Je me lève et ne peux m’empêcher de sourire, elle a l’air de ne pas apprécier ma compagnie mais elle avait quand même fais attention à certains détails. Quand le tram s’immobilise enfin je me tourne une dernière fois vers elle.

« - Je suppose que ce serait trop demandé d’avoir ton numéro ?

-Et comment, tu rêves !

-Bon dans ce cas à demain, Calamity Jane.

-Je ne serai pas là -Me dit-elle d'une voix sans teint-

-Alors à lundi ? »

Elle se remet dos à moi et je descends enfin pour prendre la direction de mon appartement. Au moins je sais que je ne la verrai pas demain.

Quand j’arrive devant ma porte je fais doucement tourner le verrou pour ne pas réveiller mon colocataire, sauf qu’une fois à l’intérieur je remarque la lumière allumée dans sa chambre.

« - Lucas, tu ne dors pas ? –Dis-je doucement en m’approchant de sa porte ouverte-

- On est vendredi soir Ashton, je n’ai plus dix ans, je me couche à l’heure que je veux –Me dit ce dernier en ouvrant sa porte- Et c’est Luke ! -Dit-il avec une main posée sur sa hanche-

- T’as plus dix ans mais tu dors encore avec ce foutu pyjama pingouin madame la diva.

- Tu es jaloux – Je lève les yeux au ciel et pars me mettre en pyjama, un bermuda et un débardeur- Alors le boulot ?

- Monsieur Speckler a fait un malaise, Moyra m’a demandée de m’occuper de lui.

- Et comment il va ?

- Quand je l’ai couché il avait l’air d’aller un peu mieux, mais je m’inquiète.

- Je passerai le voir demain. Tu veux une bière ?

- Non merci, je pense que je vais aller me coucher. –Dis-je en déposant mes affaires- Au fait, tu ne devineras jamais à qui j’ai parlé ce soir.

- A toi-même j’imagine, pour ne pas changer –Il soupire-

- La fille aux cheveux cerise, celle du tram ! –Dis-je tout sourire, ignorant son commentaire-

- Ah tu as enfin osé lui parler. Et alors, verdict ?

- Elle n’est pas commode du tout –Je le regarde qui se décapsule une bière en souriant en coin et finalement je fais de même-

- Du genre ?

- Je la trouve froide, pas méchante, mais rigide, comme si sans me connaitre je lui inspirais du dégoût –Je le regarde- Tu trouves que j’inspire le dégoût ?

- Tu veux vraiment le savoir ? –Dit le blond en fronçant ses fins sourcils-

- Quoi ?! Mais je… -Commencé-je offusqué mais bientôt il se met à ricaner-

- Tu es le gars le plus sympa que je connaisse, laisse tomber,  cette fille était sûrement mal lunée.
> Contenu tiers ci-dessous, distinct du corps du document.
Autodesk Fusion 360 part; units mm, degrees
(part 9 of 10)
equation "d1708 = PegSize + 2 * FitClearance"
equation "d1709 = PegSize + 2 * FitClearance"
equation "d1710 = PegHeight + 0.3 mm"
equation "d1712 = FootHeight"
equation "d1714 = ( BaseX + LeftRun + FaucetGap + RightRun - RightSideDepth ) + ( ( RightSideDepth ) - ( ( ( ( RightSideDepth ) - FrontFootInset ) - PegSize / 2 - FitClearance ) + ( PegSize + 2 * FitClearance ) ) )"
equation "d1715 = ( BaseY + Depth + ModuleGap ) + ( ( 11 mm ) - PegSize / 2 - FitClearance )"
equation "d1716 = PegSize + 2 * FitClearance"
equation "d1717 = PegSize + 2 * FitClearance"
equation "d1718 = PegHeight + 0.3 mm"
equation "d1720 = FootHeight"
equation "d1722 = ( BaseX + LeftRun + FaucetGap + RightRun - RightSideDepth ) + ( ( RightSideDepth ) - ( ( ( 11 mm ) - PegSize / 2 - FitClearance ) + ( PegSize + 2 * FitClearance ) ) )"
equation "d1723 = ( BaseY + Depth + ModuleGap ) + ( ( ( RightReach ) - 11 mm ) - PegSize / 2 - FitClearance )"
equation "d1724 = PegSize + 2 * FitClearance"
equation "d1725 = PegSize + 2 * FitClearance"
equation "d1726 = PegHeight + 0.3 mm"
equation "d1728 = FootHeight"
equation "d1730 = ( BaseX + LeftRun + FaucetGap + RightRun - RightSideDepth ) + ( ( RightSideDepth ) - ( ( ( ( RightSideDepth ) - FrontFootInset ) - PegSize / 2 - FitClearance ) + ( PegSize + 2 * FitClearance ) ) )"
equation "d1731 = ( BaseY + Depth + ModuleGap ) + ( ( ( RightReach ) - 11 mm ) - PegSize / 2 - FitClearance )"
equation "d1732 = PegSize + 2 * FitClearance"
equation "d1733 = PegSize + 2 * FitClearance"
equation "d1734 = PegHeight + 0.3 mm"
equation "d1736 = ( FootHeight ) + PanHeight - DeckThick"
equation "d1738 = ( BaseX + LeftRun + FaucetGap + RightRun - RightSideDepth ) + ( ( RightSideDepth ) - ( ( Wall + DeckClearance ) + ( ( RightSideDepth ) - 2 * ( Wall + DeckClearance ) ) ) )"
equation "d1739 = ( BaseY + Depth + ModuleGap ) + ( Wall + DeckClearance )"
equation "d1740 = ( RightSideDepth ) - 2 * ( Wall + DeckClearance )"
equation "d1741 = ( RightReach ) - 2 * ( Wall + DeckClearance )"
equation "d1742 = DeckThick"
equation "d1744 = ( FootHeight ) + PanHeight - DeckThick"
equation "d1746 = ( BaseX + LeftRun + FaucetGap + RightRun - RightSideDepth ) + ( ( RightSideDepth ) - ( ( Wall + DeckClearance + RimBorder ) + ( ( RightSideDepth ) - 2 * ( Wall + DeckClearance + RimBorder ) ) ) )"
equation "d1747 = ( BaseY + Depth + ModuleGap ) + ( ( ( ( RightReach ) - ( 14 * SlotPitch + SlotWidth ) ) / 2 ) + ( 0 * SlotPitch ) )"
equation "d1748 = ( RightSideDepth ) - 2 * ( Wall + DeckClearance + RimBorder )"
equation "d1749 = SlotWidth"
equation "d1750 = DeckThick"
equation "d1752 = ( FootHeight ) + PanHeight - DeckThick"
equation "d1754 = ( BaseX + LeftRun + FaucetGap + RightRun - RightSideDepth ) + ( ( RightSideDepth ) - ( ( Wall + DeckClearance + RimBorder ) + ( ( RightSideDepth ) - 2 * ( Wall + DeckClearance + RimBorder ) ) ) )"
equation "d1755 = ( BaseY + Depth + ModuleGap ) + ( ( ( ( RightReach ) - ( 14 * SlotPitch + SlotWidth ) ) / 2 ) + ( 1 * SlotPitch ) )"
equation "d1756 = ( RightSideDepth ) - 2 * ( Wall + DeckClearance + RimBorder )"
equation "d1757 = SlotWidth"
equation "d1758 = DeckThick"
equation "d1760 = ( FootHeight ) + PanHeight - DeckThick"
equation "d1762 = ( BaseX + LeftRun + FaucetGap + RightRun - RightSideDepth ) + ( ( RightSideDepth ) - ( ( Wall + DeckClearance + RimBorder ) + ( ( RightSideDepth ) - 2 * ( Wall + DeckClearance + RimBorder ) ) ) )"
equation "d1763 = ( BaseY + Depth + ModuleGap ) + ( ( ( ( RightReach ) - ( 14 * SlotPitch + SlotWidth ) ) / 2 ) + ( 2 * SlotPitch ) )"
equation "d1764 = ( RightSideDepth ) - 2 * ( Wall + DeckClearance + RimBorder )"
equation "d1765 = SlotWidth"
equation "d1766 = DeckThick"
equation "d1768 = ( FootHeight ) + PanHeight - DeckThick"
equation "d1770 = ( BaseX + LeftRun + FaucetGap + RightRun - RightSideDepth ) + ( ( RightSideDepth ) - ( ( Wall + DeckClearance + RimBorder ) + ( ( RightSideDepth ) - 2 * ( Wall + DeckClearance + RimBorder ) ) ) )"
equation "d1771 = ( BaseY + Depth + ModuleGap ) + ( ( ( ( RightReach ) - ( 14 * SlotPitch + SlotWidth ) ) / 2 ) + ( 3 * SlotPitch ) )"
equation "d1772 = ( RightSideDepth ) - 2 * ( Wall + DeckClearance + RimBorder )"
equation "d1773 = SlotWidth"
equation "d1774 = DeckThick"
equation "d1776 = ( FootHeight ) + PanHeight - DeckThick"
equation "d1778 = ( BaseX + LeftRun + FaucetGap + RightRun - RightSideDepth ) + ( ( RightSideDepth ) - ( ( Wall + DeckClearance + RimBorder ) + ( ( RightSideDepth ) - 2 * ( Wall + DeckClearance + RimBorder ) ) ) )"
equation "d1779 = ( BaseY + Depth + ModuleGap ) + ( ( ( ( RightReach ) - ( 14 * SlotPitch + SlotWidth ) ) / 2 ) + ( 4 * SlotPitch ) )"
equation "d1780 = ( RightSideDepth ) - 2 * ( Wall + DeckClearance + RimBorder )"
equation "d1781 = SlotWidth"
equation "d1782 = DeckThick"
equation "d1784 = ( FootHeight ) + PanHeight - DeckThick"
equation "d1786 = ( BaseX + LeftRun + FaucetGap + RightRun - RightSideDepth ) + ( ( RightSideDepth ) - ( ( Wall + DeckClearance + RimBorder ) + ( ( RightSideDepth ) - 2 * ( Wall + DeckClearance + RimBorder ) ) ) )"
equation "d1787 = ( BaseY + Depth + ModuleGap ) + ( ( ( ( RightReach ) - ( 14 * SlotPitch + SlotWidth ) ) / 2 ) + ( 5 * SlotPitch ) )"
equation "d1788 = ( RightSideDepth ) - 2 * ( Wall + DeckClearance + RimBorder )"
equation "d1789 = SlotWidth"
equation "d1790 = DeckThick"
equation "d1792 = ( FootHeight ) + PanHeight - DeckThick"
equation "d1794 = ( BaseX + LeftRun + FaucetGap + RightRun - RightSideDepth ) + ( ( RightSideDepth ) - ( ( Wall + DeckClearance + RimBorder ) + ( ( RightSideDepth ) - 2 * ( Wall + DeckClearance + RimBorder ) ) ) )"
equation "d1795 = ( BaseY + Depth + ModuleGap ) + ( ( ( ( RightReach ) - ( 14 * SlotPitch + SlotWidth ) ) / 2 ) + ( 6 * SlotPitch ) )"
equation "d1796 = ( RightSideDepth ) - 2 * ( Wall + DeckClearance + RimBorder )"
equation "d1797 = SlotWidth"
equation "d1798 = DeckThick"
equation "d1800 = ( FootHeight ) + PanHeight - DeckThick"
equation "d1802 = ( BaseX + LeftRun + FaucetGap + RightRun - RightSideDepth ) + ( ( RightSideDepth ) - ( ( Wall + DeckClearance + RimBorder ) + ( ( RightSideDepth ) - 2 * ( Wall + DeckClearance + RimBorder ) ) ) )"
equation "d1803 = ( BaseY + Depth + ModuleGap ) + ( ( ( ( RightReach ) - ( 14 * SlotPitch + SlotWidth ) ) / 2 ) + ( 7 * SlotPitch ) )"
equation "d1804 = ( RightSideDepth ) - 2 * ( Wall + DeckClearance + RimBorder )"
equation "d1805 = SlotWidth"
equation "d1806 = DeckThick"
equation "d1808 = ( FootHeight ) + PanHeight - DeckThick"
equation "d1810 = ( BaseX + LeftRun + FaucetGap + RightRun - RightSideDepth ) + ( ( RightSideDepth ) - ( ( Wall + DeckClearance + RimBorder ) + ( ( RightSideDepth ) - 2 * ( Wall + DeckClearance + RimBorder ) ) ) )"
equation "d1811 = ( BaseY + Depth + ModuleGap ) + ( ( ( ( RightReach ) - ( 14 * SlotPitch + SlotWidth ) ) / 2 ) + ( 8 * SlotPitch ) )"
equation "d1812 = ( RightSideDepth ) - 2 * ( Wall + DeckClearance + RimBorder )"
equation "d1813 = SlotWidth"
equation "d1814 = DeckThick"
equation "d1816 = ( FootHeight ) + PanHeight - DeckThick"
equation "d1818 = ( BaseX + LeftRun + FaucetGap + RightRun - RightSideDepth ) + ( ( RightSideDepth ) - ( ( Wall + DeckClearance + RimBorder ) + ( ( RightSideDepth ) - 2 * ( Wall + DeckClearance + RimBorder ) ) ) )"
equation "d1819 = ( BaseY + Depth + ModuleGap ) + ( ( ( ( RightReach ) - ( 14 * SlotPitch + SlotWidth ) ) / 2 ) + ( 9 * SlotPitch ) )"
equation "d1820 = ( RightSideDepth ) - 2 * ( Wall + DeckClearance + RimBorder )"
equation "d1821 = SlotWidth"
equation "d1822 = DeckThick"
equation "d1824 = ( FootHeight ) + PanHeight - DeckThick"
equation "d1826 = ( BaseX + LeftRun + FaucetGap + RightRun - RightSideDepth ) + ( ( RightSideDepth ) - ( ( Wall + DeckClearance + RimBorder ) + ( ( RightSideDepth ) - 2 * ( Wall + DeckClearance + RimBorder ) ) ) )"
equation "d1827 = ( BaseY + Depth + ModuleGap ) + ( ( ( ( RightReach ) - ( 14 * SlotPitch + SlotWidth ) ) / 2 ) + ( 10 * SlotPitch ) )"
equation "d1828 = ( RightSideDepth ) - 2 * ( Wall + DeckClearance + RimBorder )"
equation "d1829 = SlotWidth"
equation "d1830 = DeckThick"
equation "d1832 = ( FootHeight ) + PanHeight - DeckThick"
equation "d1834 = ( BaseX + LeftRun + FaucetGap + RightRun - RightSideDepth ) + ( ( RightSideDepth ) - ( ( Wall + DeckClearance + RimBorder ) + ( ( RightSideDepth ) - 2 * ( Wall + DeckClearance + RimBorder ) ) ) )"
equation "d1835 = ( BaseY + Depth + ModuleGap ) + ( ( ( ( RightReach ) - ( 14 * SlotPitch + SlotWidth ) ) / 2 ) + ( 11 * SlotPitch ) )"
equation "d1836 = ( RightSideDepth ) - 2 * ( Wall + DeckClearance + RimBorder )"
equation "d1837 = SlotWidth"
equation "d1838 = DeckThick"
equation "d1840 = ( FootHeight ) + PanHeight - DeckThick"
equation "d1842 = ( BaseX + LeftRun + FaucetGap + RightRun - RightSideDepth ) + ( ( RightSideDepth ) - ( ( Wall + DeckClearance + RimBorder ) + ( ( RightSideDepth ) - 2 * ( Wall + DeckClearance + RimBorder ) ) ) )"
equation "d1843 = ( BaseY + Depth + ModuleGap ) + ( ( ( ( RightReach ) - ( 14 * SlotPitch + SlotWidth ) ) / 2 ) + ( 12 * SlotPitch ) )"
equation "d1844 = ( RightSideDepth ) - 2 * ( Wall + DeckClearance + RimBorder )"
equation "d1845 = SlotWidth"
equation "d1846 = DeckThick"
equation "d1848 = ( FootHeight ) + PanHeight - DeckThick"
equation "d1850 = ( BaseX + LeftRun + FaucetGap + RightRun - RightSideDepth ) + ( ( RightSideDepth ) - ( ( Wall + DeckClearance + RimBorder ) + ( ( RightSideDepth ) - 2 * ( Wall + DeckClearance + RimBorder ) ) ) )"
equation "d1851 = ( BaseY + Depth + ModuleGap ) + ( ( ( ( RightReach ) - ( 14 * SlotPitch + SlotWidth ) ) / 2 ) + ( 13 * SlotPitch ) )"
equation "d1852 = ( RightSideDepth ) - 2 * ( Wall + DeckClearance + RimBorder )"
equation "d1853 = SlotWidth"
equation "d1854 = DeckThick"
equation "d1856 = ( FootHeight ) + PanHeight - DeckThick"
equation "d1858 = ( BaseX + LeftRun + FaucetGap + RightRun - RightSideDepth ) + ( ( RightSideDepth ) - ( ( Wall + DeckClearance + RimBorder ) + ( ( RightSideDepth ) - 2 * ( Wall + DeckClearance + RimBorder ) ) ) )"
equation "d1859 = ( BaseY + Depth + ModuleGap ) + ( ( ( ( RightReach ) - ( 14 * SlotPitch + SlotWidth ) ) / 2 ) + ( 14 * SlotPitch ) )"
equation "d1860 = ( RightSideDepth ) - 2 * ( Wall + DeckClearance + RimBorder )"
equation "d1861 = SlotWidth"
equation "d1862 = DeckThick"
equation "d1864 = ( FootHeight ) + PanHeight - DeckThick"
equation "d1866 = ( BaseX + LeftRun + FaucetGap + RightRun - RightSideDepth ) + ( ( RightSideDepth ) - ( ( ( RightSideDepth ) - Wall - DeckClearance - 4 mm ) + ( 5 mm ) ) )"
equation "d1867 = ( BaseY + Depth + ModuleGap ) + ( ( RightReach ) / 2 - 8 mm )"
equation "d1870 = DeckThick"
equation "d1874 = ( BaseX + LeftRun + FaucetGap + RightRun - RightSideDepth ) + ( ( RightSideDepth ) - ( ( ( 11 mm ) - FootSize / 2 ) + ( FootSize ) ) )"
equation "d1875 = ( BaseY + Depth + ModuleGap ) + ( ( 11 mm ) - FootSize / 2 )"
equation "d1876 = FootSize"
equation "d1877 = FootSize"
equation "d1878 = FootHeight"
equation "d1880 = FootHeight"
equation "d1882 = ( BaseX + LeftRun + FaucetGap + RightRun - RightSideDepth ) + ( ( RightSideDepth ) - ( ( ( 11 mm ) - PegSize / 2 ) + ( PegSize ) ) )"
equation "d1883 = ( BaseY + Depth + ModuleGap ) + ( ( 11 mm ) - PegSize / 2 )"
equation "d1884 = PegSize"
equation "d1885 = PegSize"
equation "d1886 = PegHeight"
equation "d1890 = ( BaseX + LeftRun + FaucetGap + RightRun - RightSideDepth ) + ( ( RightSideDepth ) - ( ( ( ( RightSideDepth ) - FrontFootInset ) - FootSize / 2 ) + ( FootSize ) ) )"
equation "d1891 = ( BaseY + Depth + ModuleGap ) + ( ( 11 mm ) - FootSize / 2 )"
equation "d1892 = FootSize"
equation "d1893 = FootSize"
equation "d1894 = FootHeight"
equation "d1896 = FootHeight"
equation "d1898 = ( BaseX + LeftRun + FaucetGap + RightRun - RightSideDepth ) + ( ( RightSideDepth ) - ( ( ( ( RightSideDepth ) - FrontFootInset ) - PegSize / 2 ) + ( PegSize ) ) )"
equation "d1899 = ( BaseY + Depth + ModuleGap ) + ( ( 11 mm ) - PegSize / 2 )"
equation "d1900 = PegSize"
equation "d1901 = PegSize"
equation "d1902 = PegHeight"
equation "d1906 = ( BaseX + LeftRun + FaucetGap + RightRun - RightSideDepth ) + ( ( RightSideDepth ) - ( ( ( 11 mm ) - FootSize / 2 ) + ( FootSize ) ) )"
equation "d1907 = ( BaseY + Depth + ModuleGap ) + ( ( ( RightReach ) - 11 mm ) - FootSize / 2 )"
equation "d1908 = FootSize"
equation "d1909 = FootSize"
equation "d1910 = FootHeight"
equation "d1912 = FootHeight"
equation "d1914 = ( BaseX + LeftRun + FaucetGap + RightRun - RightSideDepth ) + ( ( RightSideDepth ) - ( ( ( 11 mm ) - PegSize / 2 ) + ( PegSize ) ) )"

- Je ne sais pas, ça avait l’air plus… Profond. Comme si elle renfermait en elle une véritable rancœur –J’avale plusieurs gorgées de ma bière- Ca fait quatre mois qu’elle a ce regard et si ça se trouve même depuis plus longtemps. Je voudrais comprendre.

- Ashton ça sert à rien, tu sais comme moi que toutes les personnes ne se confient pas de la même façon. Et puis tu as Oriane, tu...

- Mais elle est si jeune et pourtant si tu voyais son regard –Je pose le goulot contre mes lèvres et m’évade dans mes souvenirs- Elle m’a dit s’appeler Kala.

- Kala ? –Je sors de mes pensées et regarde Luke qui va jeter sa bière- Elle t’a dit son nom de famille ?

- Non, juste son prénom –Je finis la mienne et la jette- Pourquoi ?

- Oh juste comme ça. »

        Il me fait un petit sourire avant d’aller se coucher. Rapidement je l’imite et m’enroule dans mes draps, ressassant dans ma tête la vision de ses iris verts aussi durs et froids que de l’acier, ne laissant transparaitre aucune émotion, comme si rien n’avait de réelle valeur à ses yeux.

Comme si la mort pouvait la prendre à n’importe quel moment sans qu’elle ait envie de lutter.

Kala.

Drôle de spécimen que cette fille aux cheveux cerise.